De acordo com a economista, as pessoas carentes que tomaram o empréstimo possivelmente irão enfrentar mais dificuldades para pagar outras contas, pois passarão a ter uma parcela menor do auxílio disponível. O valor da parcela do empréstimo consignado do Auxílio Brasil é descontado automaticamente pelo banco, evitando o atraso de seu pagamento.
A taxa máxima de juros cobrada dos mutuários do Auxílio Brasil – pessoas carentes que usam o benefício para sobrevivência – é de 3,5% ao mês e o empréstimo poderá ser pago em, no máximo, 24 parcelas. O limite do valor do empréstimo foi estabelecido em R$ 2.569,34.
O governo impôs aos vulneráveis uma taxa de juro máxima maior do que a do consignado de aposentados e pensionistas, 2,14% ao mês. A taxa máxima de juros dos empréstimos do Auxílio Brasil também é maior do que é cobrado em média em outras modalidades de crédito consignado, segundo dados do BC: aposentados e pensionistas do INSS (1,97%), trabalhadores do setor público (1,70%), trabalhadores do setor privado (2,61%), e consignado pessoal total (1,85%).

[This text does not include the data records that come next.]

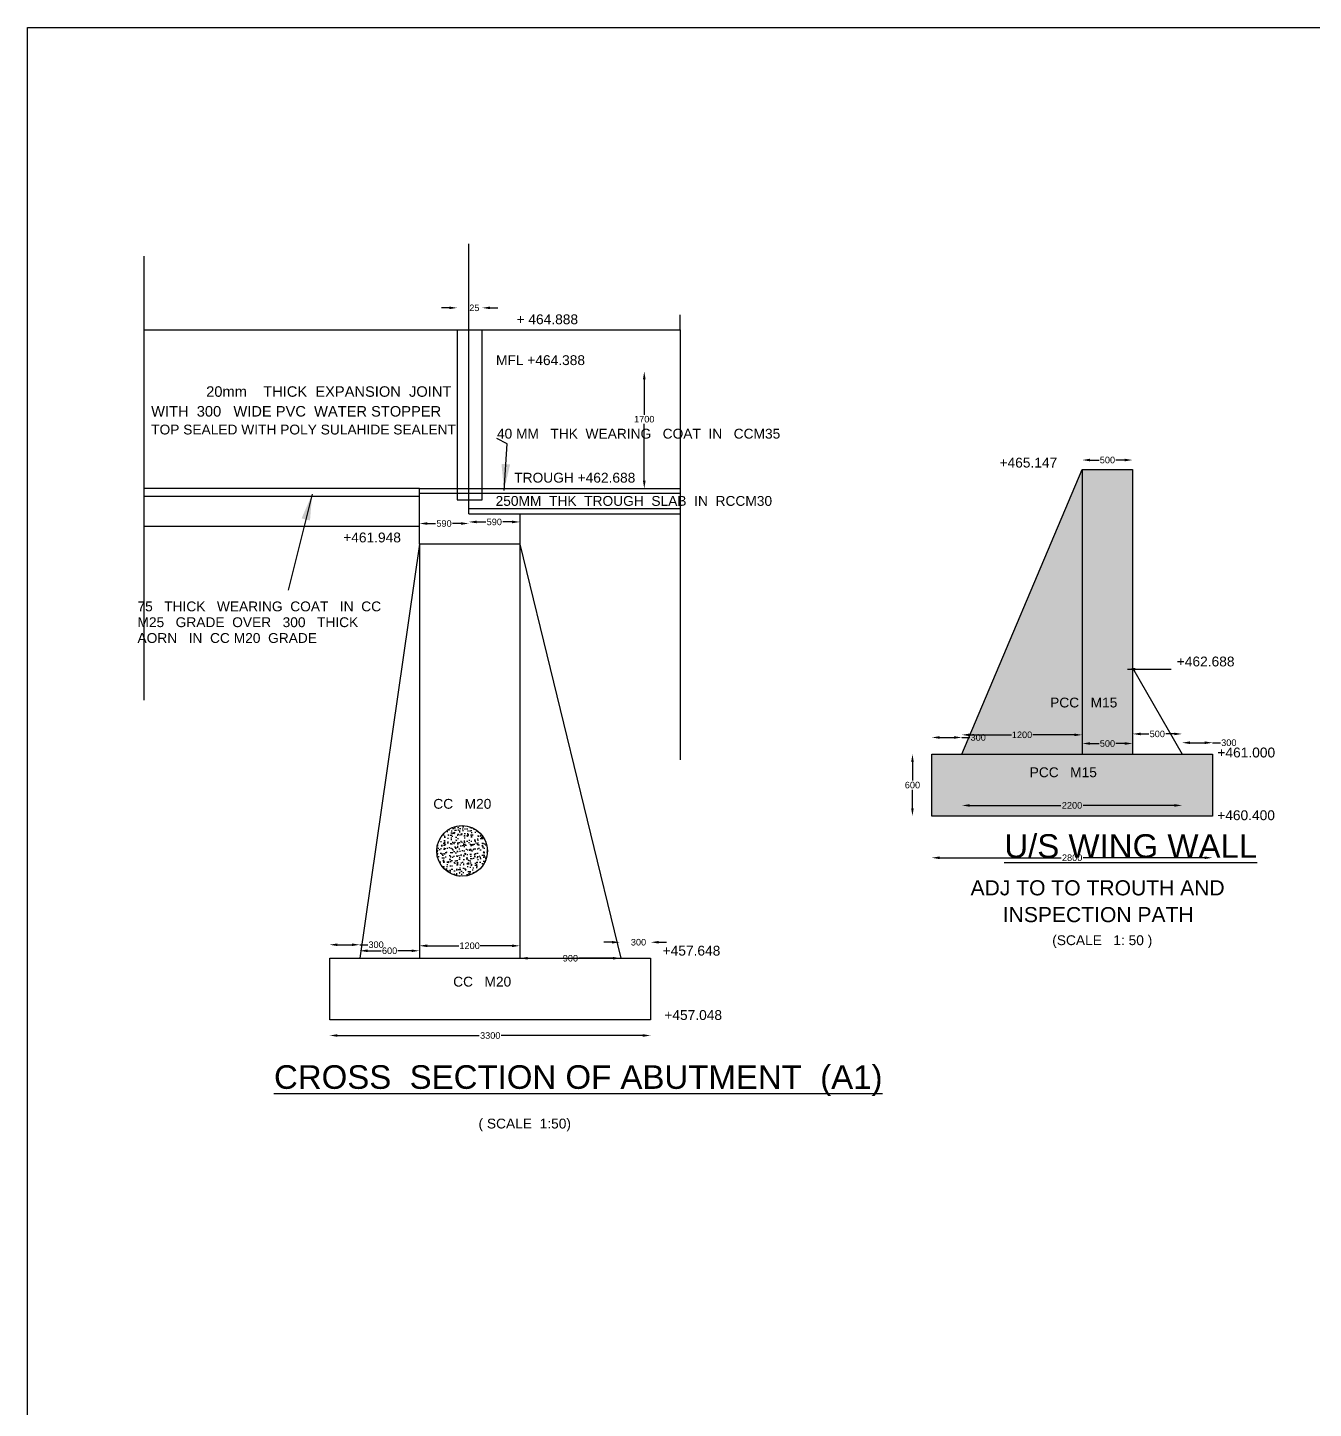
# Model space of a CAD drawing. Header units: inches. Extents: x -301 to 28, y 7 to 217.
# Drawn here: x -301 to -203, y 112.2 to 217.4 of the extents above; entities that cross this region are included whole.
import ezdxf

# ---------------------------------------------------------------- set-up
doc = ezdxf.new("R2010")
doc.units = ezdxf.units.IN
doc.header["$MEASUREMENT"] = 0
doc.layers.add('DIMENSIONS', color=7, linetype='Continuous')
doc.layers.add('TEXT', color=10, linetype='Continuous')
doc.styles.get("Standard").update_dxf_attribs({"font": 'arial.ttf', "height": 0.5})
doc.dimstyles.get("Standard").update_dxf_attribs({"dimtxt": 0.5, "dimasz": 0.6, "dimexe": 0.18, "dimexo": 0.0625, "dimgap": 0.09, "dimtad": 0, "dimtih": 1, "dimtoh": 1, "dimdec": 4, "dimzin": 0, "dimdsep": 46, "dimtxsty": 'Standard', "dimcen": 0.09, "dimse1": 1, "dimse2": 1, "dimadec": 0, "dimazin": 0, "dimtfac": 1, "dimtdec": 4, "dimtofl": 0, "dimtmove": 0, "dimatfit": 3, "dimfxl": 1, "dimtolj": 1, "dimtzin": 0, "dimarcsym": 0})
pattern_1 = [(50, (0, 0), (0.7172602, -0.0627521), [0.075, -0.825]), (355, (0, 0), (-0.1387513, 0.7521921), [0.06, -0.66]), (100.4514, (0.0598, -0.0052), (0.5785094, 0.6894395), [0.0637402, -0.7011421]), (46.1842, (0, 0.2), (1.067241, -0.165519), [0.1125, -1.2375]), (96.6356, (0.0889, 0.1862), (0.9346627, 0.974118), [0.0956103, -1.051713]), (351.1842, (0, 0.2), (0.934662, 0.9741186), [0.09, -0.99]), (21, (0.1, 0.15), (0.596907, -0.4026189), [0.075, -0.825]), (326, (0.1, 0.15), (0.2433153, 0.72515), [0.06, -0.66]), (71.4514, (0.14974, 0.11645), (0.8402226, 0.3225305), [0.0637402, -0.7011421]), (37.5, (0, 0), (0.01215986, 0.33289385), [0, -0.652, 0, -0.67, 0, -0.6625]), (7.5, (0, 0), (0.26306954, 0.3944117), [0, -0.382, 0, -0.637, 0, -0.2525]), (327.5, (-0.223, 0), (0.53382244, -0.02255487), [0, -0.25, 0, -0.78, 0, -1.035]), (317.5, (-0.323, 0), (0.5831862, 0.100105), [0, -0.325, 0, -0.518, 0, -0.735])]

# ---------------------------------------------------------------- blocks, each defined once
blk = doc.blocks.new('*D1')
at = {"layer": 'Defpoints', "color": 0, "transparency": 16777216}
for p in [(-266.39, 191.21), (-254.04, 191.21), (-254.68, 182.27)]:
    blk.add_point(p, dxfattribs=at)
at = {"layer": 'DIMENSIONS', "color": 0, "lineweight": -2, "transparency": 16777216}
for p, q in [((-254.04, 190.61), (-254.04, 187.9)), ((-254.04, 182.87), (-254.04, 187.21))]:
    blk.add_line(p, q, dxfattribs=at)
at = {"layer": 'DIMENSIONS', "color": 0, "transparency": 16777216}
for points in [[(-254.14, 190.61), (-253.94, 190.61), (-254.04, 191.21)], [(-254.14, 182.87), (-253.94, 182.87), (-254.04, 182.27)]]:
    blk.add_solid(points, dxfattribs=at)
at = {"layer": 'DIMENSIONS', "color": 0, "transparency": 16777216, "insert": (-254.04, 187.56), "char_height": 0.5, "attachment_point": 5}
blk.add_mtext('\\A1;1700', dxfattribs=at)
blk = doc.blocks.new('*D2')
at = {"layer": 'Defpoints', "color": 0, "transparency": 16777216}
for p in [(-267.42, 180.35), (-271.18, 179.4), (-267.42, 179.61)]:
    blk.add_point(p, dxfattribs=at)
at = {"layer": 'DIMENSIONS', "color": 0, "lineweight": -2, "transparency": 16777216}
for p, q in [((-270.58, 179.61), (-269.94, 179.61)), ((-268.02, 179.61), (-268.66, 179.61))]:
    blk.add_line(p, q, dxfattribs=at)
at = {"layer": 'DIMENSIONS', "color": 0, "transparency": 16777216}
for points in [[(-270.58, 179.71), (-270.58, 179.51), (-271.18, 179.61)], [(-268.02, 179.71), (-268.02, 179.51), (-267.42, 179.61)]]:
    blk.add_solid(points, dxfattribs=at)
at = {"layer": 'DIMENSIONS', "color": 0, "transparency": 16777216, "insert": (-269.3, 179.61), "char_height": 0.5, "attachment_point": 5}
blk.add_mtext('\\A1;590', dxfattribs=at)
blk = doc.blocks.new('*D3')
at = {"layer": 'Defpoints', "color": 0, "transparency": 16777216}
for p in [(-267.42, 180.28), (-263.52, 180.28), (-263.52, 179.73)]:
    blk.add_point(p, dxfattribs=at)
at = {"layer": 'DIMENSIONS', "color": 0, "lineweight": -2, "transparency": 16777216}
for p, q in [((-266.82, 179.73), (-266.11, 179.73)), ((-264.12, 179.73), (-264.83, 179.73))]:
    blk.add_line(p, q, dxfattribs=at)
at = {"layer": 'DIMENSIONS', "color": 0, "transparency": 16777216}
for points in [[(-266.82, 179.83), (-266.82, 179.63), (-267.42, 179.73)], [(-264.12, 179.83), (-264.12, 179.63), (-263.52, 179.73)]]:
    blk.add_solid(points, dxfattribs=at)
at = {"layer": 'DIMENSIONS', "color": 0, "transparency": 16777216, "insert": (-265.47, 179.73), "char_height": 0.5, "attachment_point": 5}
blk.add_mtext('\\A1;590', dxfattribs=at)
blk = doc.blocks.new('*D4')
at = {"layer": 'Defpoints', "color": 0, "transparency": 16777216}
for p in [(-275.72, 147.5), (-278.02, 146.47), (-275.72, 146.47)]:
    blk.add_point(p, dxfattribs=at)
at = {"layer": 'DIMENSIONS', "color": 0, "lineweight": -2, "transparency": 16777216}
for p, q in [((-277.42, 147.5), (-276.32, 147.5)), ((-275.72, 147.5), (-275.12, 147.5))]:
    blk.add_line(p, q, dxfattribs=at)
at = {"layer": 'DIMENSIONS', "color": 0, "transparency": 16777216}
for points in [[(-277.42, 147.6), (-277.42, 147.4), (-278.02, 147.5)], [(-276.32, 147.6), (-276.32, 147.4), (-275.72, 147.5)]]:
    blk.add_solid(points, dxfattribs=at)
at = {"layer": 'DIMENSIONS', "color": 0, "transparency": 16777216, "insert": (-274.48, 147.5), "char_height": 0.5, "attachment_point": 5}
blk.add_mtext('\\A1;300', dxfattribs=at)
blk = doc.blocks.new('*D5')
at = {"layer": 'Defpoints', "color": 0, "transparency": 16777216}
for p in [(-275.72, 146.47), (-271.18, 147.04), (-271.18, 146.47)]:
    blk.add_point(p, dxfattribs=at)
at = {"layer": 'DIMENSIONS', "color": 0, "lineweight": -2, "transparency": 16777216}
for p, q in [((-275.12, 147.04), (-274.1, 147.04)), ((-271.78, 147.04), (-272.81, 147.04))]:
    blk.add_line(p, q, dxfattribs=at)
at = {"layer": 'DIMENSIONS', "color": 0, "transparency": 16777216}
for points in [[(-275.12, 147.14), (-275.12, 146.94), (-275.72, 147.04)], [(-271.78, 147.14), (-271.78, 146.94), (-271.18, 147.04)]]:
    blk.add_solid(points, dxfattribs=at)
at = {"layer": 'DIMENSIONS', "color": 0, "transparency": 16777216, "insert": (-273.45, 147.04), "char_height": 0.5, "attachment_point": 5}
blk.add_mtext('\\A1;600', dxfattribs=at)
blk = doc.blocks.new('*D6')
at = {"layer": 'Defpoints', "color": 0, "transparency": 16777216}
for p in [(-263.52, 147.42), (-271.18, 146.47), (-263.52, 146.47)]:
    blk.add_point(p, dxfattribs=at)
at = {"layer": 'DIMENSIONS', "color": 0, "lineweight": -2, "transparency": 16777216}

O economista José Luís Oreiro alerta que, com 33 milhões de pessoas que passam fome e outros 125 milhões numa situação de insegurança alimentar, “as pessoas no desespero, porque não existe racionalidade numa situação dessa, o que elas vão fazer é pegar esse dinheiro para comer”. “Daqui a dois ou três meses essas pessoas, que com o Auxílio Brasil já tinham dificuldade de comprar alimentos, vão ter muito mais dificuldade porque vão entregar quase metade do Auxílio Brasil para os bancos”, criticou o professor de economia da Universidade de Brasília (UnB).